━━━ DATA IN THIS EXERCISE ━━━
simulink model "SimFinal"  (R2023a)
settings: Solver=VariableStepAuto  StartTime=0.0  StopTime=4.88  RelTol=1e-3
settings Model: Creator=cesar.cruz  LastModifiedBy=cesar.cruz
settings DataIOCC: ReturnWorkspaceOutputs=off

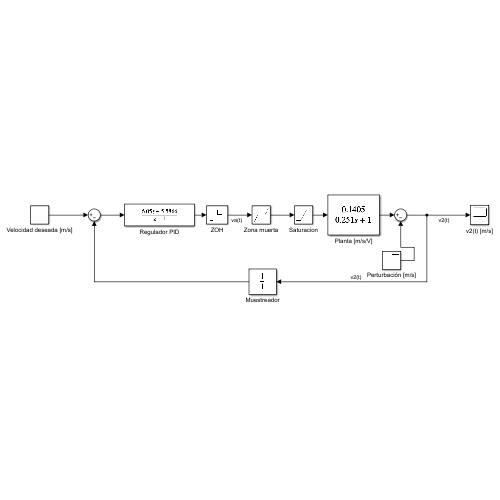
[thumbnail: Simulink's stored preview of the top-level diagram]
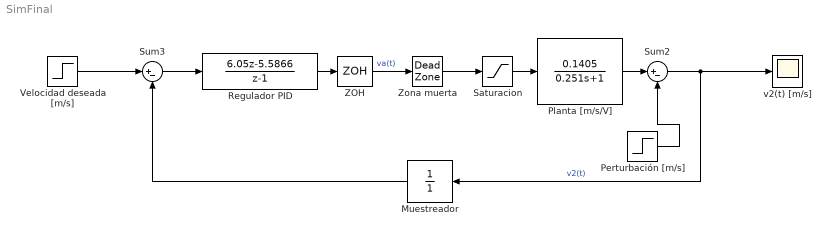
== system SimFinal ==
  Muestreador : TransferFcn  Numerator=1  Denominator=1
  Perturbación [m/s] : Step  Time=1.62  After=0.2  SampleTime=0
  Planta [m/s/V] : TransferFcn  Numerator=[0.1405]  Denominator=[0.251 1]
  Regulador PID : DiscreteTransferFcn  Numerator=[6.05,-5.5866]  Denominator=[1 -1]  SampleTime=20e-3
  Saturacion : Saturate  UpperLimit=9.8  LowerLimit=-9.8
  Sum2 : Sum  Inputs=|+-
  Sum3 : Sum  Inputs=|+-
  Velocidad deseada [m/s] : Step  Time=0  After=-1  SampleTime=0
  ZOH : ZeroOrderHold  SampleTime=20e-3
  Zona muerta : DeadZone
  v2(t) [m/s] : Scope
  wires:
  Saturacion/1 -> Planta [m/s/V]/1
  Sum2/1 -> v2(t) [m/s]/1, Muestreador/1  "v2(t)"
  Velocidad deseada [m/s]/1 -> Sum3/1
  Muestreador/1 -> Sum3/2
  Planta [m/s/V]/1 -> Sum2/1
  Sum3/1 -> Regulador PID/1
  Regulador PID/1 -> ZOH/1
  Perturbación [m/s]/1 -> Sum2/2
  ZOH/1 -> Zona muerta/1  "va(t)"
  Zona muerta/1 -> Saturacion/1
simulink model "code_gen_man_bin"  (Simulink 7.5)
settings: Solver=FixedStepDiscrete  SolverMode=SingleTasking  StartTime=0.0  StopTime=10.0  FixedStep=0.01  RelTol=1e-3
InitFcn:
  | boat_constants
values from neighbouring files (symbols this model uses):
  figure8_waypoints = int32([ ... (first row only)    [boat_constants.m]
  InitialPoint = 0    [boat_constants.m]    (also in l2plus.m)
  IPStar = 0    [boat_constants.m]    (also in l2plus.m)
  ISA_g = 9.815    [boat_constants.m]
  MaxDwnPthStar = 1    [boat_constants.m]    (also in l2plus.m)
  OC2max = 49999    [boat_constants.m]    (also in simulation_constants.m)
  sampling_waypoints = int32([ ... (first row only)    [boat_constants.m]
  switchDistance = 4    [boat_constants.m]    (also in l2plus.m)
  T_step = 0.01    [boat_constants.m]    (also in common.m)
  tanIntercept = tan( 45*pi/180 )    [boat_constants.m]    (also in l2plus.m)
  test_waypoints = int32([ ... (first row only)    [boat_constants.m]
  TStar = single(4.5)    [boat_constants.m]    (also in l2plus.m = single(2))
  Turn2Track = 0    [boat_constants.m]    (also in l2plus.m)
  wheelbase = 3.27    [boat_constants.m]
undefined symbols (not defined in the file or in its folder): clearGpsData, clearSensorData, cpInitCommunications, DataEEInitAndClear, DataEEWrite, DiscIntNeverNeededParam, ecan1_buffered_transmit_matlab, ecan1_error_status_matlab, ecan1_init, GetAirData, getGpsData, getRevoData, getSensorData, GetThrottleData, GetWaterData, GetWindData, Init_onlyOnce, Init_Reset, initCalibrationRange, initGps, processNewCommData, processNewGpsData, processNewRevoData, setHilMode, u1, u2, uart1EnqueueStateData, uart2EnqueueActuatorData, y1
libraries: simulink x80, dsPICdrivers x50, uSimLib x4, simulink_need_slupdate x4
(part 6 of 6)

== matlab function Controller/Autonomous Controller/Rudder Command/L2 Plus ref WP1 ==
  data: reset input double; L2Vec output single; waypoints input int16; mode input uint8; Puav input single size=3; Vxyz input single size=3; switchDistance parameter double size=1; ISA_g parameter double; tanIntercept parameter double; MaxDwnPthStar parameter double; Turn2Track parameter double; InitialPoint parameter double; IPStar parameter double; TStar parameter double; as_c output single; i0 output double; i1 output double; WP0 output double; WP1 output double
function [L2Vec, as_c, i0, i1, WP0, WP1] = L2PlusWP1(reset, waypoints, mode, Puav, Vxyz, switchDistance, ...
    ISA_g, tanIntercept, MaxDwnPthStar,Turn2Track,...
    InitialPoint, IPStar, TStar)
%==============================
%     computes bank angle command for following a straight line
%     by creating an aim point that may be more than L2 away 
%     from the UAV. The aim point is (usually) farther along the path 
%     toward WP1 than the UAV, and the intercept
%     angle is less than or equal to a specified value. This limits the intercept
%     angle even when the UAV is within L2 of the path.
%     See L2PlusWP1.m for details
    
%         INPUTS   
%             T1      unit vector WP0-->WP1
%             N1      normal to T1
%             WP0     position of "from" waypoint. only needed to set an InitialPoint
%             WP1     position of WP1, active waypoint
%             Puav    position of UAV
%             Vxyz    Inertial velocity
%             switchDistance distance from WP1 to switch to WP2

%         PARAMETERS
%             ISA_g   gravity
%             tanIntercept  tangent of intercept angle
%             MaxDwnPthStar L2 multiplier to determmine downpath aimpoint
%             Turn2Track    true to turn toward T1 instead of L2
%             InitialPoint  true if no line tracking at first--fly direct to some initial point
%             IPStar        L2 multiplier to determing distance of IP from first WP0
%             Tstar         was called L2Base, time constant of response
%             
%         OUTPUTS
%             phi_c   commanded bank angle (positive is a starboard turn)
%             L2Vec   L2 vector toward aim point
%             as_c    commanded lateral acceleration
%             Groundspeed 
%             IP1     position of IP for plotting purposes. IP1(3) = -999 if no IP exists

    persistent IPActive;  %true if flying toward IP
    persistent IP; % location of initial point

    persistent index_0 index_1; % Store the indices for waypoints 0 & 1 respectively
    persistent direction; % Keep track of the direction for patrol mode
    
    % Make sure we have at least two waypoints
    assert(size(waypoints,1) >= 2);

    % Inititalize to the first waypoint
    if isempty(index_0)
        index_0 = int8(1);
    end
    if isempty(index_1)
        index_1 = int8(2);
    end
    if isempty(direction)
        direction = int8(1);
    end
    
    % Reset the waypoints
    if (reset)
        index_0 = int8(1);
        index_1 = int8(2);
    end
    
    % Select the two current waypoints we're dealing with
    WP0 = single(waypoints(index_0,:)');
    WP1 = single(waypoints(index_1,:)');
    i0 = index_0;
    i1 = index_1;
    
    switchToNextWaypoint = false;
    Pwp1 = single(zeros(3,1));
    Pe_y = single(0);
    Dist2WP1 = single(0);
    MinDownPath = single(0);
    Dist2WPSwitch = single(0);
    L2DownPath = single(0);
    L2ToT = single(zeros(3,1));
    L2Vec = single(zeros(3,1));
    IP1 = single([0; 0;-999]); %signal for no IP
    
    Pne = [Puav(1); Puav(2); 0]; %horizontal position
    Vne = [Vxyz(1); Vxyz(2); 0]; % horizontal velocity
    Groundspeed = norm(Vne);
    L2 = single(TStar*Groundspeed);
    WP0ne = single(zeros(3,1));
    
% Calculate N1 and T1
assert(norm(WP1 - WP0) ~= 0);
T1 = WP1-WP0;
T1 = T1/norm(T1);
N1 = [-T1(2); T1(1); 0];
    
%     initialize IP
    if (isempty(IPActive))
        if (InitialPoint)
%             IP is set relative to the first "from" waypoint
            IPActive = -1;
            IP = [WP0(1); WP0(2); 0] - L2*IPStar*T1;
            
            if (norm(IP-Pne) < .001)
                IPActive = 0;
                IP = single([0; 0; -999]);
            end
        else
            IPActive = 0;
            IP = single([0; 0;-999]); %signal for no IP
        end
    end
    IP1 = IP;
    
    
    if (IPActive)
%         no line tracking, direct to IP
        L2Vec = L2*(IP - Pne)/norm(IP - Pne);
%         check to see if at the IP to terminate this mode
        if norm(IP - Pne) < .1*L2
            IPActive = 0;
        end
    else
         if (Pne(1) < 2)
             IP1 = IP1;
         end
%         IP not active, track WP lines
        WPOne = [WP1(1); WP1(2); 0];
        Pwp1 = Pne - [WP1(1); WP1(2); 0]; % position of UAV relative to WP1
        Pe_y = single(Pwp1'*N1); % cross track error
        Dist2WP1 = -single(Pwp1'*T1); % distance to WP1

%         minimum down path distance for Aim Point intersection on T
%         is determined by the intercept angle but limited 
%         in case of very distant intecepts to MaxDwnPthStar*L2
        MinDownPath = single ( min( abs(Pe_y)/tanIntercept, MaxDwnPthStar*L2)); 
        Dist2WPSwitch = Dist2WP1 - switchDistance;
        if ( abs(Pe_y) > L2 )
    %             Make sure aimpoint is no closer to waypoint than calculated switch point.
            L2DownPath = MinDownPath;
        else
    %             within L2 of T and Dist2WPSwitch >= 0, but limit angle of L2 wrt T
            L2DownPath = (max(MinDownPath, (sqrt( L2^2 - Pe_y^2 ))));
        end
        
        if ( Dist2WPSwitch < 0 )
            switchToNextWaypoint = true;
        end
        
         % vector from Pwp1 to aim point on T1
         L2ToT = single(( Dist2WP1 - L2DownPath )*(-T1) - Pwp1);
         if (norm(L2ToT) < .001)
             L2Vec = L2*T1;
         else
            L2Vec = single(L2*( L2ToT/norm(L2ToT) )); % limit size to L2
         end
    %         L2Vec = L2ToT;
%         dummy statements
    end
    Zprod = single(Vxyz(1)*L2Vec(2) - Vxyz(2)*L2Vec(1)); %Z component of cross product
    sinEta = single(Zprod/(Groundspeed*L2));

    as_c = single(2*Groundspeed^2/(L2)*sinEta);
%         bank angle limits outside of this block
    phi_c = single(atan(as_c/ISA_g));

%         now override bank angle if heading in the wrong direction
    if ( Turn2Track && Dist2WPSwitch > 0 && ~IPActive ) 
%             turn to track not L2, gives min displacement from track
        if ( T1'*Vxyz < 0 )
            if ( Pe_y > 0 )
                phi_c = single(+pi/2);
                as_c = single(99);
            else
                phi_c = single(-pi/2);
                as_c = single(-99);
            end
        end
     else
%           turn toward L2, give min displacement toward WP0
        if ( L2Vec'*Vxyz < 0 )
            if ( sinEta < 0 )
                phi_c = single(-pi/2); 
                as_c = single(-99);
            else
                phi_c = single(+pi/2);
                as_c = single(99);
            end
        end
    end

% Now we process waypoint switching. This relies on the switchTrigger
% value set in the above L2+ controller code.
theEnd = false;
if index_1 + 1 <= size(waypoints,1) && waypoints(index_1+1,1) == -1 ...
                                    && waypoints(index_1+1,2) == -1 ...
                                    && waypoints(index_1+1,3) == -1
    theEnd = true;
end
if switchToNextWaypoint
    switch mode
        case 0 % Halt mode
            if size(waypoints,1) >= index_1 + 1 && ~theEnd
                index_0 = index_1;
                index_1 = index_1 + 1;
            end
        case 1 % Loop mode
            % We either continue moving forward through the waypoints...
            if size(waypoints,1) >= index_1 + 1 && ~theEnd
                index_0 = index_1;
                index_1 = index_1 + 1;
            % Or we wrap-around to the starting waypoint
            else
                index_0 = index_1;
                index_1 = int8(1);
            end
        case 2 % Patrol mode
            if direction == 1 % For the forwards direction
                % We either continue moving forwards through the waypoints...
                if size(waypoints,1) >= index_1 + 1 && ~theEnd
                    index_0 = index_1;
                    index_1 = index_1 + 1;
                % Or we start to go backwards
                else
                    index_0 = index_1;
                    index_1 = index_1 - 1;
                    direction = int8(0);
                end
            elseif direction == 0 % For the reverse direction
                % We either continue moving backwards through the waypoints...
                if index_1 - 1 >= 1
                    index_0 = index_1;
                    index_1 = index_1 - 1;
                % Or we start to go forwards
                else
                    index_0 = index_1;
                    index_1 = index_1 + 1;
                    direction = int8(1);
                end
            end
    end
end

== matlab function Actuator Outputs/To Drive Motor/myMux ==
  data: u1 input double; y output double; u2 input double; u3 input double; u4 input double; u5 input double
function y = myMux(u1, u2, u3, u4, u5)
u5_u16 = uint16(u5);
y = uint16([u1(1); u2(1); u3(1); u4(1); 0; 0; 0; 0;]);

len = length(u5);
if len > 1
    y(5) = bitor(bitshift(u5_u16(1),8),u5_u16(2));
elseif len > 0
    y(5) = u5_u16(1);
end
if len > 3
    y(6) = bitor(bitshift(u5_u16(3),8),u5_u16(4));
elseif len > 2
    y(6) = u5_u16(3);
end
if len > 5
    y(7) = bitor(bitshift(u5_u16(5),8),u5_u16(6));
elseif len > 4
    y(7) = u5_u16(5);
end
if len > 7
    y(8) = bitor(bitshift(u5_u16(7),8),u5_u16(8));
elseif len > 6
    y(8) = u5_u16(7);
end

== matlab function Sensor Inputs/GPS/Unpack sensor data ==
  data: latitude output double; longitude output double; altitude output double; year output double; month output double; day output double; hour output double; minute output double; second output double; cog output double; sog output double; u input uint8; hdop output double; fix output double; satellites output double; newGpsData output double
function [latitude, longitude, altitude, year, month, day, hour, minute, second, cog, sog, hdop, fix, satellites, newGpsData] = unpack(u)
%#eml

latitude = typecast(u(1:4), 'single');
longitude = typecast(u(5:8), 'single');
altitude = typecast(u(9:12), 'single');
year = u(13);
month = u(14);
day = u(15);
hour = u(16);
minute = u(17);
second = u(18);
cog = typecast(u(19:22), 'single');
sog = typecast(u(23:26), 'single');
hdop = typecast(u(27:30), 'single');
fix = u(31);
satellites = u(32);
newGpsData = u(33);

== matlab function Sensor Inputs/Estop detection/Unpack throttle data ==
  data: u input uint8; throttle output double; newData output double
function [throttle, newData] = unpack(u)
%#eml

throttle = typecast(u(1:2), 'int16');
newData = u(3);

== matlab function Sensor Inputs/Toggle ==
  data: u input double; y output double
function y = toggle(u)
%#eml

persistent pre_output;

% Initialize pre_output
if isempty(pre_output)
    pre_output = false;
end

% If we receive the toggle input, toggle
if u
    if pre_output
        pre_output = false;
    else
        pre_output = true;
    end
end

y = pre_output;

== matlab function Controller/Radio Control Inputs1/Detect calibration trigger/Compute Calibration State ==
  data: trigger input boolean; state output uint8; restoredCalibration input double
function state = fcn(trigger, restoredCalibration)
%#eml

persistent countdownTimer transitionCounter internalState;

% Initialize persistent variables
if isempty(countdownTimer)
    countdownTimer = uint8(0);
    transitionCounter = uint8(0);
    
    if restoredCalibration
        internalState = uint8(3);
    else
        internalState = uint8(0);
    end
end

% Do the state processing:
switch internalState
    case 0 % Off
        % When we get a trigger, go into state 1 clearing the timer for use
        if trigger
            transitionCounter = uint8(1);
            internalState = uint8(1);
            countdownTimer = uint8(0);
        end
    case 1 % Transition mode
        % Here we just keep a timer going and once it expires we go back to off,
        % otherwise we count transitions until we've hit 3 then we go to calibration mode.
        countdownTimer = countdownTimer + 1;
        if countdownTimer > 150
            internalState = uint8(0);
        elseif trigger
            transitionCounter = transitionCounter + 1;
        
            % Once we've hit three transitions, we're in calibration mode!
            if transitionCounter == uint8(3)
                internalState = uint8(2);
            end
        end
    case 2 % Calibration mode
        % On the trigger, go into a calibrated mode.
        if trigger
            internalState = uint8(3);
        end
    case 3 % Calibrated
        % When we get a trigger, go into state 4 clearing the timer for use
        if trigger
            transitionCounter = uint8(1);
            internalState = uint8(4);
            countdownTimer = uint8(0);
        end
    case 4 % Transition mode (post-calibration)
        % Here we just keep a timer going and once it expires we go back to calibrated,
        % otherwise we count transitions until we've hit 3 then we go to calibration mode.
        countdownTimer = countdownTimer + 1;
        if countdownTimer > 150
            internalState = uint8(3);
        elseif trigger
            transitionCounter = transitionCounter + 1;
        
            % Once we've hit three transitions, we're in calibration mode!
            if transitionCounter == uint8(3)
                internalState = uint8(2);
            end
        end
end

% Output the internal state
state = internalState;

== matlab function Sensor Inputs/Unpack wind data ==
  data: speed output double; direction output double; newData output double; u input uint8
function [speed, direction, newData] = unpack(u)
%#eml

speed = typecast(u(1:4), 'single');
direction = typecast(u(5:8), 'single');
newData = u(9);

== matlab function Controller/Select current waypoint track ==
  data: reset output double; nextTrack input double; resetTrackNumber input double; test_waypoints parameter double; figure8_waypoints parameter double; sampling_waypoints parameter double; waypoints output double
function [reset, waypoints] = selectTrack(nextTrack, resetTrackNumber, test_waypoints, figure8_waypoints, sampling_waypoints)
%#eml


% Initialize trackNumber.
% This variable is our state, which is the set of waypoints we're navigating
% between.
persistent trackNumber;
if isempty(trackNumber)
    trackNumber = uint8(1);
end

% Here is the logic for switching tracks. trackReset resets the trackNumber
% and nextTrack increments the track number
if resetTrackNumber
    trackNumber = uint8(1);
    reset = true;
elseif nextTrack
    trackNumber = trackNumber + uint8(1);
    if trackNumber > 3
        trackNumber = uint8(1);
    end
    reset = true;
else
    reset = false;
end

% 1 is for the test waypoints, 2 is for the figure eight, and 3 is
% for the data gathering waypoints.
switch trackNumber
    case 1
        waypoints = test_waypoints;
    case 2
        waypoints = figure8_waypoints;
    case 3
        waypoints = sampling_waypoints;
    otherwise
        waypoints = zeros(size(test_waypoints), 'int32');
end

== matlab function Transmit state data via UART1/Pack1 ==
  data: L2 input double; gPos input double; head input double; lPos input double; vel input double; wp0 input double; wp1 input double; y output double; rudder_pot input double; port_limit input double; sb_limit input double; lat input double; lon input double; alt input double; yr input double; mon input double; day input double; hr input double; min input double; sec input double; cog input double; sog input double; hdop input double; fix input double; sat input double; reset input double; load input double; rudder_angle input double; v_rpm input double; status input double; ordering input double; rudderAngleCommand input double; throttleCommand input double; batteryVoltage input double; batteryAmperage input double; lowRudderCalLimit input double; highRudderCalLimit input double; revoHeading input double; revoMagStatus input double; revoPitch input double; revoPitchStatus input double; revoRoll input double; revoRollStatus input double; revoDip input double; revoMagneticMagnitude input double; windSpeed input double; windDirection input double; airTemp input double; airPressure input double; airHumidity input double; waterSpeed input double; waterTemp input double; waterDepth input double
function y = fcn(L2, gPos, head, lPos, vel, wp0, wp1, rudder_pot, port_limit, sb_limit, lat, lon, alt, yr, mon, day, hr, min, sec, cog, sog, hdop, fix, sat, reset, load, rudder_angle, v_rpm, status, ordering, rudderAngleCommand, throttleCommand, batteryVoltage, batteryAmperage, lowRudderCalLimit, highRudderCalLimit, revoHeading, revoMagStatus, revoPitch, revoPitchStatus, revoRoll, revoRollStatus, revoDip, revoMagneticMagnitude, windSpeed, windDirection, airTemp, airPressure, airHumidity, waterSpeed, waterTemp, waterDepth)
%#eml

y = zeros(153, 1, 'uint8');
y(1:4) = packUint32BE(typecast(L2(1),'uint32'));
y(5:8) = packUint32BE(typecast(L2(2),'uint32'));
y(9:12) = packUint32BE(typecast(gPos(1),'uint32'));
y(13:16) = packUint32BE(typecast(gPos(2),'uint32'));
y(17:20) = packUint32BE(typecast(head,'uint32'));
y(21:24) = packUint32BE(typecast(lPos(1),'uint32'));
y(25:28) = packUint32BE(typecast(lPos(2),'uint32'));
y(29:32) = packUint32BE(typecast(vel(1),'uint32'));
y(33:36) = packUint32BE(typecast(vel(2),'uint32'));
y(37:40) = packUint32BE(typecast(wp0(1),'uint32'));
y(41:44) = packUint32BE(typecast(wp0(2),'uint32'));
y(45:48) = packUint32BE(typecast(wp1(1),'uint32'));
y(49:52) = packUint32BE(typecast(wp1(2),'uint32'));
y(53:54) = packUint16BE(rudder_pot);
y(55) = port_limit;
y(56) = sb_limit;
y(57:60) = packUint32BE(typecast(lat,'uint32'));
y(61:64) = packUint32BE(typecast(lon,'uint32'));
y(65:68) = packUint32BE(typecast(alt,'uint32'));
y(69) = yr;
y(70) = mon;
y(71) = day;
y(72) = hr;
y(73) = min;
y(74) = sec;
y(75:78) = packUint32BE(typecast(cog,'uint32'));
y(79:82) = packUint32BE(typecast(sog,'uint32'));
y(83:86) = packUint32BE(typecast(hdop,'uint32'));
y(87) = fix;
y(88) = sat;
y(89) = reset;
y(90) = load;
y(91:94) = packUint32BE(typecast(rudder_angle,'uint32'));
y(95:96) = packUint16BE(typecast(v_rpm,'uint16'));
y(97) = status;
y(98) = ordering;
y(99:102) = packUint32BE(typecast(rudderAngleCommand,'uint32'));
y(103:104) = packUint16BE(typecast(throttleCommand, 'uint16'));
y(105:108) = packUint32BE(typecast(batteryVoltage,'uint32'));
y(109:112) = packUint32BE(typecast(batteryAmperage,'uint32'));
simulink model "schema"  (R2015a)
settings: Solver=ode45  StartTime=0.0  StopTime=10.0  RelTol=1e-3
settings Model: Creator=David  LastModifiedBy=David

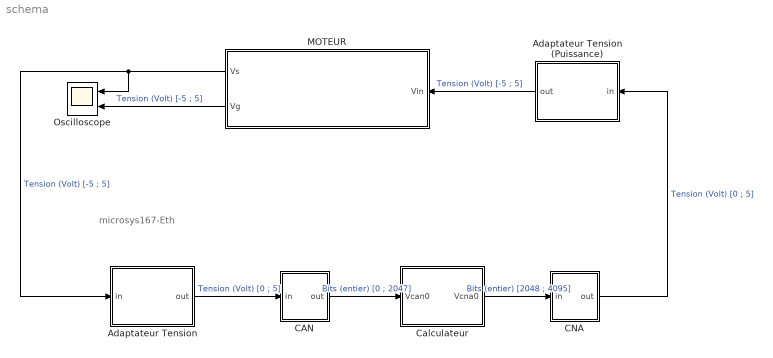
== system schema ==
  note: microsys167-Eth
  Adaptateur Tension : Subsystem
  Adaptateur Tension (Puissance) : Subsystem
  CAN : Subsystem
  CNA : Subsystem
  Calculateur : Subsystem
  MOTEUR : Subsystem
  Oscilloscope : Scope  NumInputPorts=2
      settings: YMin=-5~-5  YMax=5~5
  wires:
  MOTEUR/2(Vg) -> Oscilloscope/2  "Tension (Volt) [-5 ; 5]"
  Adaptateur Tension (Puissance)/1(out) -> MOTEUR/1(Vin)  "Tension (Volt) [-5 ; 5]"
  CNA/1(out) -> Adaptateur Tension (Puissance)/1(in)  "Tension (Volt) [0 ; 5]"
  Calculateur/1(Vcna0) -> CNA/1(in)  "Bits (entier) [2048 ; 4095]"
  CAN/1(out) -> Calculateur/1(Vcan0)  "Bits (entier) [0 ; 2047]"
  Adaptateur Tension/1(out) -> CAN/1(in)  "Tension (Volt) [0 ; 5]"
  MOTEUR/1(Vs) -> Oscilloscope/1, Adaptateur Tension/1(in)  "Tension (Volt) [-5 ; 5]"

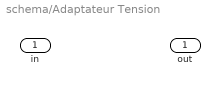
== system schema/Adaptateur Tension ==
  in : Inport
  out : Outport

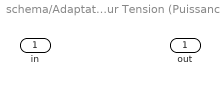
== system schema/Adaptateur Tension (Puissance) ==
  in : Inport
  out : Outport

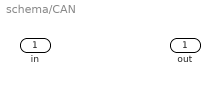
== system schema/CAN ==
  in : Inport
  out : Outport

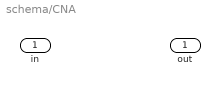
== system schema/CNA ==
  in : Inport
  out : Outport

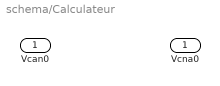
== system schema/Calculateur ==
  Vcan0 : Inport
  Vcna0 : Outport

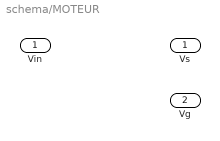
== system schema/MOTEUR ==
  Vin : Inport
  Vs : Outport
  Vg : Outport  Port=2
━━━
TASK INSTRUCTIONS
A bare number is the whole answer: state how many lines in the data above contain "expires".

ANSWER BELOW
2